Though it didn’t go back together quite as quickly as it came apart, 2 hours after he started we were prepping the airplane for flight. One flip of the ignition said it all: Purr. My husband flew the Kitfox home while I trailed, power pulled way back in the RV-10, just in case.
Besides the valve surfaces and stems, the guides will need a cleanup too. Would unleaded mogas cure this problem? It would, but unless non-ethanol mogas is available where you fly, it may not be an option. Jabiru recommends against E10 for the engine.
Three Days Later
You’d think that was the end of it, but no. Knowing what we did about that one cylinder head, we wanted to see what was going on inside the engine. So all of the other cylinder heads had to come off. The verdict: There were no other stuck valves but plenty of lead precipitate on the piston heads, in the valve guides, everywhere. The colors showed that the engine was running on the cool side, so along with the top overhaul cleaning we retuned the carburetor, setting it just a tad leaner (the Jabiru has jets, not a mixture control).

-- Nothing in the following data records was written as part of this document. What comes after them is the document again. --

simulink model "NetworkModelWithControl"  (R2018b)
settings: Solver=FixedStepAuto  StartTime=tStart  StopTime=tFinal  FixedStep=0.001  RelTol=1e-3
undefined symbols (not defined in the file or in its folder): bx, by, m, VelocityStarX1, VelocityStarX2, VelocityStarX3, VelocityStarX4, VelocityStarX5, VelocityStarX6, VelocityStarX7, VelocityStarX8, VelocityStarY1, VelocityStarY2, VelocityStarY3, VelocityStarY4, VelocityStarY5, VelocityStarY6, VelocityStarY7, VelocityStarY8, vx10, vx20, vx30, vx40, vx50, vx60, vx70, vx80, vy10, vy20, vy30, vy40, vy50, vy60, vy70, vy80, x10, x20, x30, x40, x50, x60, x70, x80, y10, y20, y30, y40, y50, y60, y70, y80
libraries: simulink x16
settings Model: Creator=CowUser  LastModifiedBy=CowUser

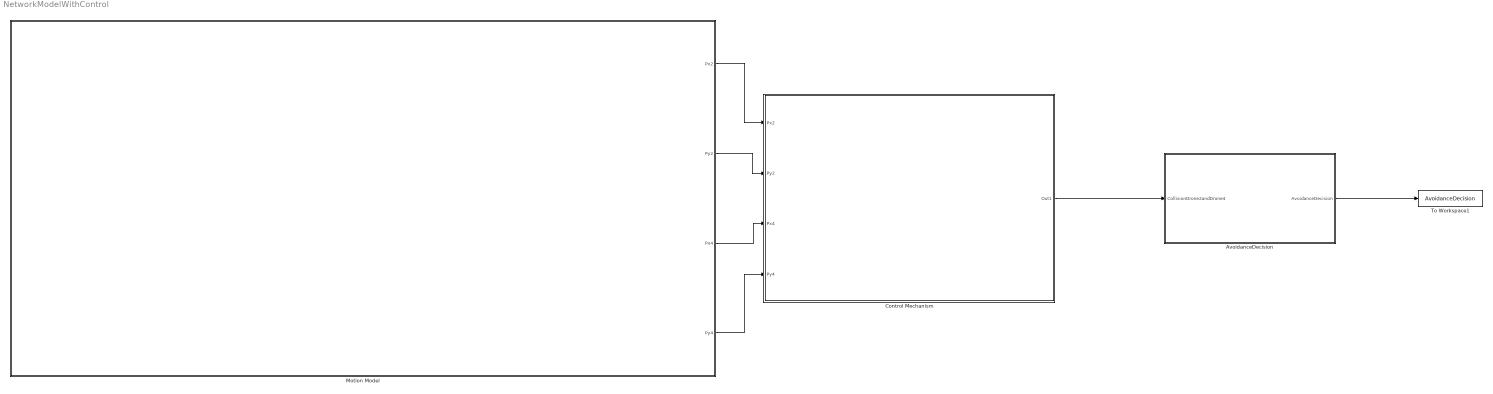
== system NetworkModelWithControl ==
  AvoidanceDecision : MATLAB Function  TreatAsAtomicUnit=on
  Control Mechanism : Subsystem
  Motion Model : Subsystem
  To Workspace1 : ToWorkspace  VariableName=AvoidanceDecision  SaveFormat=Timeseries  SampleTime=-1
  wires:
  Motion Model/1(Px2) -> Control Mechanism/1(Px2)
  Control Mechanism/1(Out1) -> AvoidanceDecision/1(CollisionDrone2andDrone4)
  AvoidanceDecision/1(AvoidanceDecision) -> To Workspace1/1
  Motion Model/2(Py2) -> Control Mechanism/2(Py2)
  Motion Model/3(Px4) -> Control Mechanism/3(Px4)
  Motion Model/4(Py4) -> Control Mechanism/4(Py4)

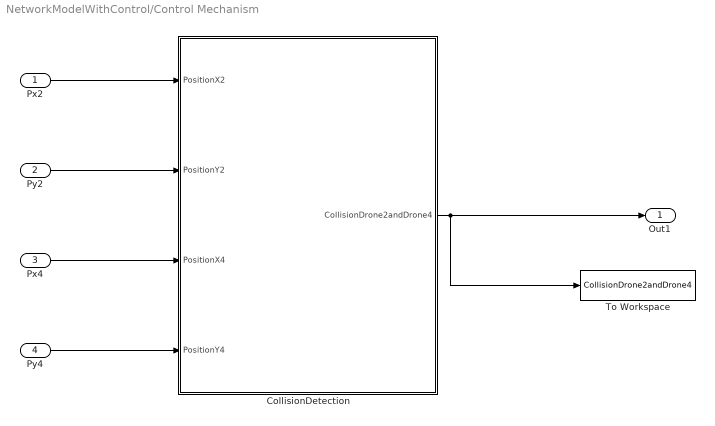
== system NetworkModelWithControl/Control Mechanism ==
  Px2 : Inport
  Py2 : Inport  Port=2
  Px4 : Inport  Port=3
  Py4 : Inport  Port=4
  CollisionDetection : MATLAB Function  TreatAsAtomicUnit=on
  To Workspace : ToWorkspace  VariableName=CollisionDrone2andDrone4  SaveFormat=Timeseries  SampleTime=-1
  Out1 : Outport
  wires:
  Px2/1 -> CollisionDetection/1(PositionX2)
  Py2/1 -> CollisionDetection/2(PositionY2)
  Px4/1 -> CollisionDetection/3(PositionX4)
  Py4/1 -> CollisionDetection/4(PositionY4)
  CollisionDetection/1(CollisionDrone2andDrone4) -> Out1/1, To Workspace/1

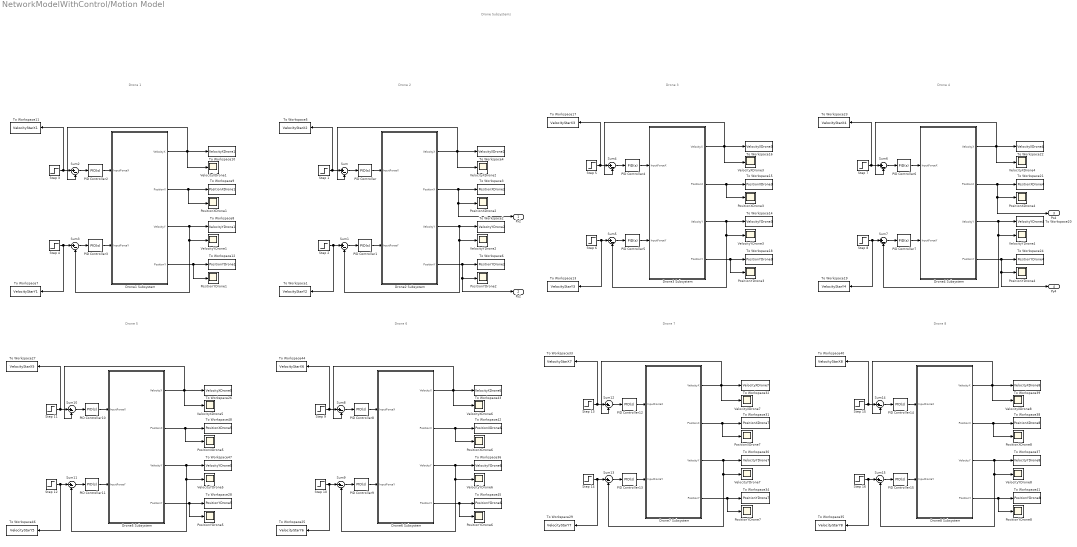
== system NetworkModelWithControl/Motion Model ==
  note: Drone 1
  note: Drone 2
  note: Drone 6
  note: Drone 3
  note: Drone Subsystems
  note: Drone 4
  note: Drone 5
  note: Drone 8
  note: Drone 7
  "Drone1 Subsystem " : Subsystem
  "Drone2 Subsystem " : Subsystem
  "Drone3 Subsystem " : Subsystem
  "Drone4 Subsystem " : Subsystem
  Drone5 Subsystem : Subsystem
  Drone6 Subsystem : Subsystem
  Drone7 Subsystem : Subsystem
  Drone8 Subsystem : Subsystem
  PID Controller{,1..15} (16 alike) : simulink/Continuous/PID Controller  Controller=PID  Form=Parallel  TimeDomain=Continuous-time  SampleTime=-1  IntegratorMethod=Forward Euler  FilterMethod=Forward Euler  ControllerParametersSource=internal  P=800  I=40  D=1  UseFilter=on  N=100  TunerSelectOption=Transfer Function Based (PID Tuner App)  InitialConditionSource=internal  InitialConditionForIntegrator=0  InitialConditionForFilter=0  DifferentiatorICPrevScaledInput=0  ExternalReset=none  TrackingMode=off  Kt=1  LimitOutput=off  UpperSaturationLimit=inf  LowerSaturationLimit=-inf  LinearizeAsGain=on  AntiWindupMode=none  Kb=1  POutMin=[]  POutMax=[]  IOutMin=[]  IOutMax=[]  DOutMin=[]  DOutMax=[]  NOutMin=[]  NOutMax=[]  SumOutMin=[]  SumOutMax=[]  SaturationOutMin=[]  SaturationOutMax=[]  PParamMin=[]  PParamMax=[]  IParamMin=[]  IParamMax=[]  DParamMin=[]  DParamMax=[]  NParamMin=[]  NParamMax=[]  KbParamMin=[]  KbParamMax=[]  KtParamMin=[]  KtParamMax=[]  KbOutMin=[]  KbOutMax=[]  KtOutMin=[]  KtOutMax=[]  IntegratorOutMin=[]  IntegratorOutMax=[]  FilterOutMin=[]  FilterOutMax=[]  SumI1OutMin=[]  SumI1OutMax=[]  SumI2OutMin=[]  SumI2OutMax=[]  SumI3OutMin=[]  SumI3OutMax=[]  SumI4OutMin=[]  SumI4OutMax=[]  SumDOutMin=[]  SumDOutMax=[]  DifferentiatorOutMin=[]  DifferentiatorOutMax=[]  FilterDiffOutCoefMin=[]  FilterDiffOutCoefMax=[]  ReciprocalOutMin=[]  ReciprocalOutMax=[]  SumDenOutMin=[]  SumDenOutMax=[]  SumNumOutMin=[]  SumNumOutMax=[]  DivideOutMin=[]  DivideOutMax=[]  IntegratorContinuousStateAttributes=''  IntegratorStateMustResolveToSignalObject=off  IntegratorRTWStateStorageClass=Auto  FilterContinuousStateAttributes=''  FilterStateMustResolveToSignalObject=off  FilterRTWStateStorageClass=Auto  ParallelPVariant=InternalParameters  IdealPVariant=Disabled  IVariant=InternalParameters  DVariant=InternalParameters  IntegratorVariant=Continuous  SatVariant=Disabled  AWVariant=Passthrough  PCopyVariant=Disabled  TRVariant=Disabled  FdbkBlocksVariant=Forward  IdealPFdbkVariant=Disabled  SatFdbkVariant=Disabled  DerivativeFilterVariant=ContFilter  NVariant=InternalParameters  NCopyVariant=Disabled  FilterICVariant=InternalICsFilter  IntegratorICVariant=InternalICs  ExternalResetVariant=Disabled  TRSumVariant=Passthrough  SumFdbkVariant=Disabled  SumVariant=Sum_PID
  PositionXDrone{1..8} (8 alike) : Scope
  PositionYDrone{1..8} (8 alike) : Scope
  Step 1 : Step  Time=0  After=VelocityStarX2  SampleTime=0
  Step 10 : Step  Time=0  After=VelocityStarY6  SampleTime=0
  Step 11 : Step  Time=0  After=VelocityStarX5  SampleTime=0
  Step 12 : Step  Time=0  After=VelocityStarY5  SampleTime=0
  Step 13 : Step  Time=0  After=VelocityStarX7  SampleTime=0
  Step 14 : Step  Time=0  After=VelocityStarY7  SampleTime=0
  Step 15 : Step  Time=0  After=VelocityStarX8  SampleTime=0
  Step 16 : Step  Time=0  After=VelocityStarY8  SampleTime=0
  Step 2 : Step  Time=0  After=VelocityStarY2  SampleTime=0
  Step 3 : Step  Time=0  After=VelocityStarX1  SampleTime=0
  Step 4 : Step  Time=0  After=VelocityStarY1  SampleTime=0
  Step 5 : Step  Time=0  After=VelocityStarX3  SampleTime=0
  Step 6 : Step  Time=0  After=VelocityStarY3  SampleTime=0
  Step 7 : Step  Time=0  After=VelocityStarX4  SampleTime=0
  Step 8 : Step  Time=0  After=VelocityStarY4  SampleTime=0
  Step 9 : Step  Time=0  After=VelocityStarX6  SampleTime=0
  Sum{,1..15} (16 alike) : Sum  Inputs=|+-
  To Workspace1 : ToWorkspace  VariableName=VelocityStarY2  SampleTime=-1
  To Workspace10 : ToWorkspace  VariableName=VelocityXDrone1  SampleTime=-1
  To Workspace11 : ToWorkspace  VariableName=VelocityStarX1  SampleTime=-1
  To Workspace12 : ToWorkspace  VariableName=PositionYDrone1  SampleTime=-1
  To Workspace13 : ToWorkspace  VariableName=VelocityStarY3  SampleTime=-1
  To Workspace14 : ToWorkspace  VariableName=VelocityYDrone3  SampleTime=-1
  To Workspace15 : ToWorkspace  VariableName=PositionXDrone3  SampleTime=-1
  To Workspace16 : ToWorkspace  VariableName=VelocityXDrone3  SampleTime=-1
  To Workspace17 : ToWorkspace  VariableName=VelocityStarX3  SampleTime=-1
  To Workspace18 : ToWorkspace  VariableName=PositionYDrone3  SampleTime=-1
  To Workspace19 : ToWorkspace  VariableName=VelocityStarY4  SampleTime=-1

A test flight after the engine was back together showed markedly warmer engine temps, but well within accepted limits. We might retune again for summer flying, but for now the hope is that the warmer engine temps can vaporize some of that lead.
The Lesson
Would we consider using mogas again to prevent the fouling? Well, that’s a conundrum. The engine manufacturer does not recommend using an ethanol-blended gasoline, such as what is readily available and affordable for us. The company’s reasoning, spelled out in a service bulletin issued in 2011, is that ethanol is tough to measure. At every fueling, you must check the percentage of ethanol to make sure it is 10% or less, and even that does not guarantee that the ethanol will stay mixed at that ratio in your tanks as the fuel is drawn into your carburetor.
Running the engine too cool will aggravate lead deposits on valve stems. Bumping up the operating temperature may keep valve work from becoming a regular chore.
The engine manufacturer, in the same service bulletin, also warns users about the additives and solvents that are routinely added to mogas, stating that they are detrimental to the engine. And because mogas formulas vary widely from state to state, and from season to season in the U.S., the whole process is, well, a crapshoot at best. If you are traveling a good distance, every stop you make could be a different formulation. You could take on some high-altitude fuel in Denver, then fly on to Oklahoma and find the mix does not burn as well. No, we’ll wait for an aviation spec’d unleaded fuel to come to town, thank you.
So we soldier on with avgas and juggle the carburetor for the time being. The hope is that the New Year’s cleanup on the engine’s insides will buy us a few good years of flying until a better fuel comes along.